第12話:バズの代償
翌朝。
出社すると、フロア全体の空気がいつもと違った。
ひそひそ声、スマホの光。
みんなが何かを見ている。
「……何かあったんですか?」
成田が顔をしかめながらスマホを差し出した。
『理想の上司=柊誠(広告代理店営業部→広報部)で確定か』
『投稿の一部に“部下との恋愛”を示唆する内容も!?』
(――やっぱり……)
画面の下には、
柊のアカウント《@WORK_LIFE_BALANCE》の投稿スクショ。
昨日の「隠れない」という言葉が、
もう“告白”として拡散されていた。
⸻
「……柊課長、会社に来てる?」
「いや、朝から本社に呼ばれてるっぽい」
「そりゃそうだよな。

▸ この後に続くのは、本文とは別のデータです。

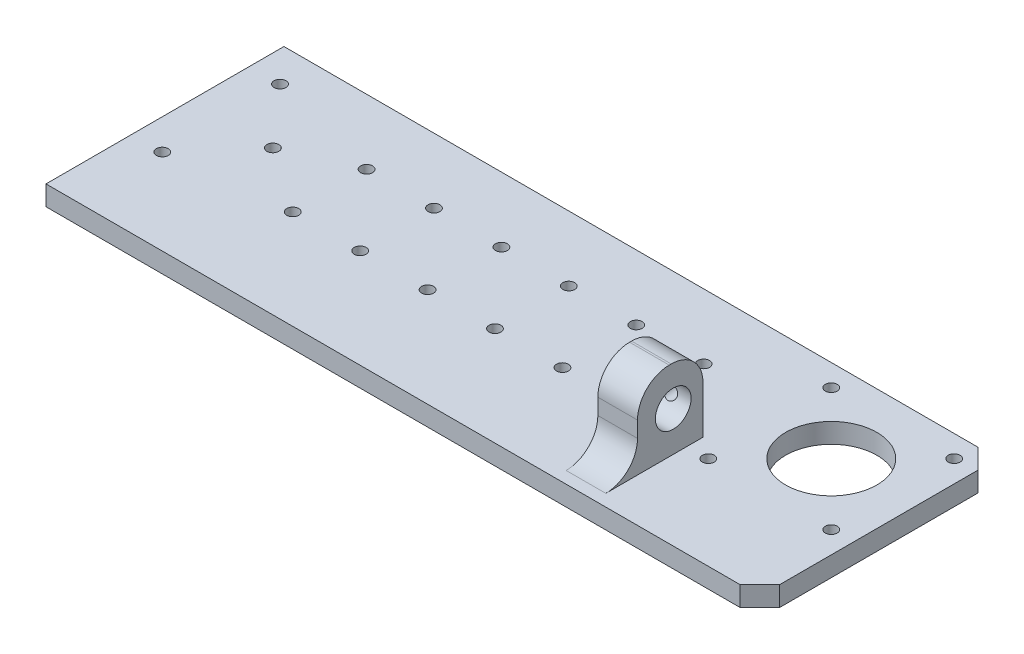
from build123d import *

# Parameters (mm, degrees)
SKETCH_1_W           = 180
SKETCH_1_H           = 60
SKETCH_1_R           = 11
SKETCH_1_R_2         = 1.5
EXTRUDE_3_DEPTH      = 5
SKETCH_2_W           = 10
SKETCH_2_H           = 20
EXTRUDE_4_DEPTH      = 20
SKETCH_4_R           = 4
CUT_EXTRUDE_1_DEPTH  = 20
SKETCH_8_W           = 3
SKETCH_8_H           = 20
CUT_EXTRUDE_4_DEPTH  = 10
SKETCH_10_W          = 14
SKETCH_10_H          = 20
EXTRUDE_5_DEPTH      = 10
SKETCH_9_R           = 4
CUT_EXTRUDE_5_DEPTH  = 10
SKETCH_12_W          = 13.5
SKETCH_12_H          = 20
CUT_EXTRUDE_6_DEPTH  = 10
SKETCH_15_W          = 1
SKETCH_15_H          = 20
CUT_EXTRUDE_7_DEPTH  = 10
FILLET_5_R           = 5
SKETCH_21_W          = 10
SKETCH_21_H          = 18
EXTRUDE_6_DEPTH      = 20
SKETCH_25_W          = 11.311173877
SKETCH_25_H          = 1.5
CUT_EXTRUDE_10_DEPTH = 20
SKETCH_37_W          = 10
SKETCH_37_H          = 20
EXTRUDE_9_DEPTH      = 6
SKETCH_38_W          = 10
SKETCH_38_H          = 20
CUT_EXTRUDE_12_DEPTH = 6
SKETCH_39_R          = 4
CUT_EXTRUDE_13_DEPTH = 144.937604561
FILLET_10_R          = 8
SKETCH_41_R          = 1.5
CUT_EXTRUDE_14_DEPTH = 10
SKETCH_42_R          = 11.5
CUT_EXTRUDE_15_DEPTH = 10
SKETCH_43_R          = 1.691985253
CUT_EXTRUDE_16_DEPTH = 10
SKETCH_44_R          = 4.5
CUT_EXTRUDE_17_DEPTH = 10
CUT_EXTRUDE_18_DEPTH = 10


with BuildPart() as part:
    # 스케치1 → 보스-돌출3 (new body)
    with BuildSketch(Plane(origin=(0, 0, 0), x_dir=(1, 0, 0), z_dir=(0, 1, 0))):
        with Locations((36.632340007, -1.742375967)):
            Rectangle(SKETCH_1_W, SKETCH_1_H)
        with Locations(Location((105.632340007, 7.257624033, 0), (0, 0, 270))):
            Circle(SKETCH_1_R, mode=Mode.SUBTRACT)
        with Locations(Location((90.132340007, 22.757624033, 0), (0, 0, 270))):
            Circle(SKETCH_1_R_2, mode=Mode.SUBTRACT)
        with Locations(Location((121.132340007, 22.757624033, 0), (0, 0, 270))):
            Circle(SKETCH_1_R_2, mode=Mode.SUBTRACT)
        with Locations(Location((90.132340007, -8.242375967, 0), (0, 0, 270))):
            Circle(SKETCH_1_R_2, mode=Mode.SUBTRACT)
        with Locations(Location((121.132340007, -8.242375967, 0), (0, 0, 270))):
            Circle(SKETCH_1_R_2, mode=Mode.SUBTRACT)
        with Locations(Location((-32.617755763, 4.712595626, 0), (0, 0, 270))):
            Circle(SKETCH_1_R_2, mode=Mode.SUBTRACT)
        with Locations(Location((-45.654401225, 19.548720133, 0), (0, 0, 270))):
            Circle(SKETCH_1_R_2, mode=Mode.SUBTRACT)
        with Locations(Location((-45.654401225, -10.123528882, 0), (0, 0, 270))):
            Circle(SKETCH_1_R_2, mode=Mode.SUBTRACT)
    extrude(amount=EXTRUDE_3_DEPTH)

    # 스케치2 → 보스-돌출4 (add)
    with BuildSketch(Plane(origin=(0, 5, 0), x_dir=(1, 0, 0), z_dir=(0, 1, 0))):
        with Locations((79.782459712, 8.257624033)):
            Rectangle(SKETCH_2_W, SKETCH_2_H)
    extrude(amount=EXTRUDE_4_DEPTH)

    # 스케치4 → 컷-돌출1 (cut)
    with BuildSketch(Plane.ZY.offset(-74.782459712)):
        with Locations((-8.257624033, 15)):
            Circle(SKETCH_4_R)
    extrude(amount=-CUT_EXTRUDE_1_DEPTH, mode=Mode.SUBTRACT)

    # 스케치8 → 컷-돌출4 (cut)
    with BuildSketch(Plane(origin=(84.782459712, 0, 0), x_dir=(0, 0, -1), z_dir=(1, 0, 0))):
        with Locations((16.757624033, 15)):
            Rectangle(SKETCH_8_W, SKETCH_8_H)
        with Locations((-0.242375967, 15)):
            Rectangle(SKETCH_8_W, SKETCH_8_H)
    extrude(amount=-CUT_EXTRUDE_4_DEPTH, mode=Mode.SUBTRACT)

    # 스케치10 → 보스-돌출5 (add)
    with BuildSketch(Plane(origin=(84.782459712, 0, 0), x_dir=(0, 0, -1), z_dir=(1, 0, 0))):
        with Locations((-5.242375967, 15)):
            Rectangle(SKETCH_10_W, SKETCH_10_H)
    extrude(amount=-EXTRUDE_5_DEPTH)

    # 스케치9 → 컷-돌출5 (cut)
    with BuildSketch(Plane(origin=(84.782459712, 0, 0), x_dir=(0, 0, -1), z_dir=(1, 0, 0))):
        with Locations((-5.242375967, 15)):
            Circle(SKETCH_9_R)
    extrude(amount=-CUT_EXTRUDE_5_DEPTH, mode=Mode.SUBTRACT)

    # 스케치12 → 컷-돌출6 (cut)
    with BuildSketch(Plane(origin=(84.782459712, 0, 0), x_dir=(0, 0, -1), z_dir=(1, 0, 0))):
        with Locations((8.507624033, 15)):
            Rectangle(SKETCH_12_W, SKETCH_12_H)
    extrude(amount=-CUT_EXTRUDE_6_DEPTH, mode=Mode.SUBTRACT)

    # 스케치15 → 컷-돌출7 (cut)
    with BuildSketch(Plane(origin=(84.782459712, 0, 0), x_dir=(0, 0, -1), z_dir=(1, 0, 0))):
        with Locations((1.257624033, 15)):
            Rectangle(SKETCH_15_W, SKETCH_15_H)
    extrude(amount=-CUT_EXTRUDE_7_DEPTH, mode=Mode.SUBTRACT)

    # 필렛5
    fillet_5_edges = [part.edges().sort_by_distance(p)[0] for p in [
        (79.782459712, 25, -0.757624033),
        (79.782459712, 25, 12.242375967),
    ]]
    fillet(fillet_5_edges, radius=FILLET_5_R)

    # 스케치21 → 보스-돌출6 (add)
    with BuildSketch(Plane(origin=(0, 5, 0), x_dir=(1, 0, 0), z_dir=(0, 1, 0))):
        with Locations((79.782459712, -5.742375967)):
            Rectangle(SKETCH_21_W, SKETCH_21_H)
    extrude(amount=EXTRUDE_6_DEPTH)

    # 스케치25 → 컷-돌출10 (cut)
    with BuildSketch(Plane(origin=(0, 5, 0), x_dir=(1, 0, 0), z_dir=(0, 1, 0))):
        with Locations((79.126872773, 2.507624033)):
            Rectangle(SKETCH_25_W, SKETCH_25_H)
    extrude(amount=CUT_EXTRUDE_10_DEPTH, mode=Mode.SUBTRACT)

    # 스케치37 → 보스-돌출9 (add)
    with BuildSketch(Plane.XY.offset(14.742375967)):
        with Locations((79.782459712, 15)):
            Rectangle(SKETCH_37_W, SKETCH_37_H)
    extrude(amount=EXTRUDE_9_DEPTH)

    # 스케치38 → 컷-돌출12 (cut)
    with BuildSketch(Plane(origin=(0, 0, -1.757624033), x_dir=(-1, 0, 0), z_dir=(0, 0, -1))):
        with Locations((-79.782459712, 15)):
            Rectangle(SKETCH_38_W, SKETCH_38_H)
    extrude(amount=-CUT_EXTRUDE_12_DEPTH, mode=Mode.SUBTRACT)

    # 스케치39 → 컷-돌출13 (cut, through all)
    with BuildSketch(Plane(origin=(84.782459712, 0, 0), x_dir=(0, 0, -1), z_dir=(1, 0, 0))):
        with Locations((-11.742375967, 15)):
            Circle(SKETCH_39_R)
    extrude(amount=-CUT_EXTRUDE_13_DEPTH, mode=Mode.SUBTRACT)

    # 필렛10
    fillet_10_edges = [part.edges().sort_by_distance(p)[0] for p in [
        (79.782459712, 25, 20.742375967),
        (79.782459712, 5, 20.742375967),
        (79.782459712, 25, 4.242375967),
    ]]
    fillet(fillet_10_edges, radius=FILLET_10_R)

    # 스케치41 → 컷-돌출14 (cut)
    with BuildSketch(Plane(origin=(0, 5, 0), x_dir=(1, 0, 0), z_dir=(0, 1, 0))):
        with Locations(Location((-16.145477704, -6.751246634, 0), (0, 0, 270))):
            Circle(SKETCH_41_R)
        with Locations(Location((-16.145477704, 11.864366715, 0), (0, 0, 270))):
            Circle(SKETCH_41_R)
        with Locations(Location((0.854522296, 11.864366715, 0), (0, 0, 270))):
            Circle(SKETCH_41_R)
        with Locations(Location((0.854522296, -6.751246634, 0), (0, 0, 270))):
            Circle(SKETCH_41_R)
        with Locations(Location((17.854522296, 11.864366715, 0), (0, 0, 270))):
            Circle(SKETCH_41_R)
        with Locations(Location((17.854522296, -6.751246634, 0), (0, 0, 270))):
            Circle(SKETCH_41_R)
        with Locations(Location((34.854522296, 11.864366715, 0), (0, 0, 270))):
            Circle(SKETCH_41_R)
        with Locations(Location((34.854522296, -6.751246634, 0), (0, 0, 270))):
            Circle(SKETCH_41_R)
        with Locations(Location((51.854522296, 11.864366715, 0), (0, 0, 270))):
            Circle(SKETCH_41_R)
        with Locations(Location((51.854522296, -6.751246634, 0), (0, 0, 270))):
            Circle(SKETCH_41_R)
        with Locations(Location((68.854522296, 11.864366715, 0), (0, 0, 270))):
            Circle(SKETCH_41_R)
        with Locations(Location((68.854522296, -6.751246634, 0), (0, 0, 270))):
            Circle(SKETCH_41_R)
    extrude(amount=-CUT_EXTRUDE_14_DEPTH, mode=Mode.SUBTRACT)

    # 스케치42 → 컷-돌출15 (cut)
    with BuildSketch(Plane(origin=(0, 5, 0), x_dir=(1, 0, 0), z_dir=(0, 1, 0))):
        with Locations(Location((105.632340007, 7.257624033, 0), (0, 0, 270))):
            Circle(SKETCH_42_R)
    extrude(amount=-CUT_EXTRUDE_15_DEPTH, mode=Mode.SUBTRACT)

    # 스케치43 → 컷-돌출16 (cut)
    with BuildSketch(Plane(origin=(0, 0, 4.242375967), x_dir=(-1, 0, 0), z_dir=(0, 0, -1))):
        with Locations((-79.782459712, 14.121740896)):
            Circle(SKETCH_43_R)
    extrude(amount=-CUT_EXTRUDE_16_DEPTH, mode=Mode.SUBTRACT)

    # 스케치44 → 컷-돌출17 (cut)
    with BuildSketch(Plane.ZY.offset(-74.782459712)):
        with Locations((11.742375967, 15)):
            Circle(SKETCH_44_R)
    extrude(amount=-CUT_EXTRUDE_17_DEPTH, mode=Mode.SUBTRACT)

    # 스케치46 → 컷-돌출18 (cut)
    with BuildSketch(Plane(origin=(0, 5, 0), x_dir=(1, 0, 0), z_dir=(0, 1, 0))):
        Polygon((126.632340007, 28.257624033), (121.632340007, 28.257624033), (126.632340007, 23.257624033), align=None)
        Polygon((126.632340007, -31.742375967), (121.632340007, -31.742375967), (126.632340007, -26.742375967), align=None)
    extrude(amount=-CUT_EXTRUDE_18_DEPTH, mode=Mode.SUBTRACT)


solid = part.part

炎上レベルだぞこれ」
真由の指先が冷たくなっていく。
(どうしよう……課長、絶対に一人で責任取ろうとしてる)
⸻
昼。
広報部の会議室前。
ドアの向こうから、怒鳴り声が聞こえる。
「SNSは会社の顔でもあるんだぞ!」
「申し訳ありません」
「“理想の上司”の名前で発信していたとは――」
中の声は柊のもの。
静かで、でも揺るぎない。
(止めなきゃ……でも、私が出たら余計に……)
胸の奥で、何かがぎゅっと締めつけられた。
⸻
午後。
ようやく柊が戻ってきた。
その顔は、少しだけ疲れて見えた。
「課長……!」
「藤原、仕事に戻れ」
「でも!」
「心配いらない」
「嘘です」
柊は一瞬だけ目を閉じ、
そして笑った。
「……嘘が下手になったな」
「課長にだけ、です」
その返しに、彼の口元が少し緩む。
「……後で、話そう」
⸻
夕方。
屋上。
風が強い。
いつもの場所で、二人は並んで立っていた。
「……本当に言っちゃったんですね」
「ああ」
「後悔、してませんか?」
「してたら、ここに立ってない」
短く、それだけ言って空を見上げる。
「世間がどう言おうと、
“理想の上司”の言葉は、俺の言葉だ。
君が笑ってくれた日々を、嘘にしたくない」
「……課長」
風が頬を打つ。
真由の目から、涙がひと筋落ちた。
「でも、会社が……」
「今日、人事から呼び出された」
「え……!」
「処分はまだわからない。
だが、“部下との関係”についても調査が入るらしい」
「私のせいです!」
「違う」
「違くないです!」
彼は少し笑って首を振る。
「君は、俺の言葉を信じてくれた。
その事実が、俺に勇気をくれたんだ」
「……勇気?」
「“誰かを想う気持ち”を、隠さない勇気だ」
沈黙。
夕日が二人の影を重ねる。
⸻
その夜。
真由のスマホが震えた。
《@WORK_LIFE_BALANCE》
「“理想”は壊れた。
けれど、守りたい“現実”ができた。」
画面の下に、
無数のコメント。
「本当の上司だ」
「会社のために声を上げる姿、尊敬します」
「恋愛も仕事も本音で生きていい」
そして――
《@mayu_worklife:理想より、あなたが好きです。》
送信ボタンを押した瞬間、
心臓が高鳴った。
(もう、誰にも隠さない)
⸻
翌朝。
出社すると、デスクの上に一枚の封筒があった。
“出向命令書 柊誠 関連子会社へ出向”
「……そんな……」
指先が震える。
その下に、小さなメモ。
『君の投稿、見た。ありがとう。
ここからでも、風は届く。――誠』
「課長……」
涙が滲んだ視界の中で、
スマホが震える。
《@WORK_LIFE_BALANCE》
「“場所”が変わっても、想いは届く。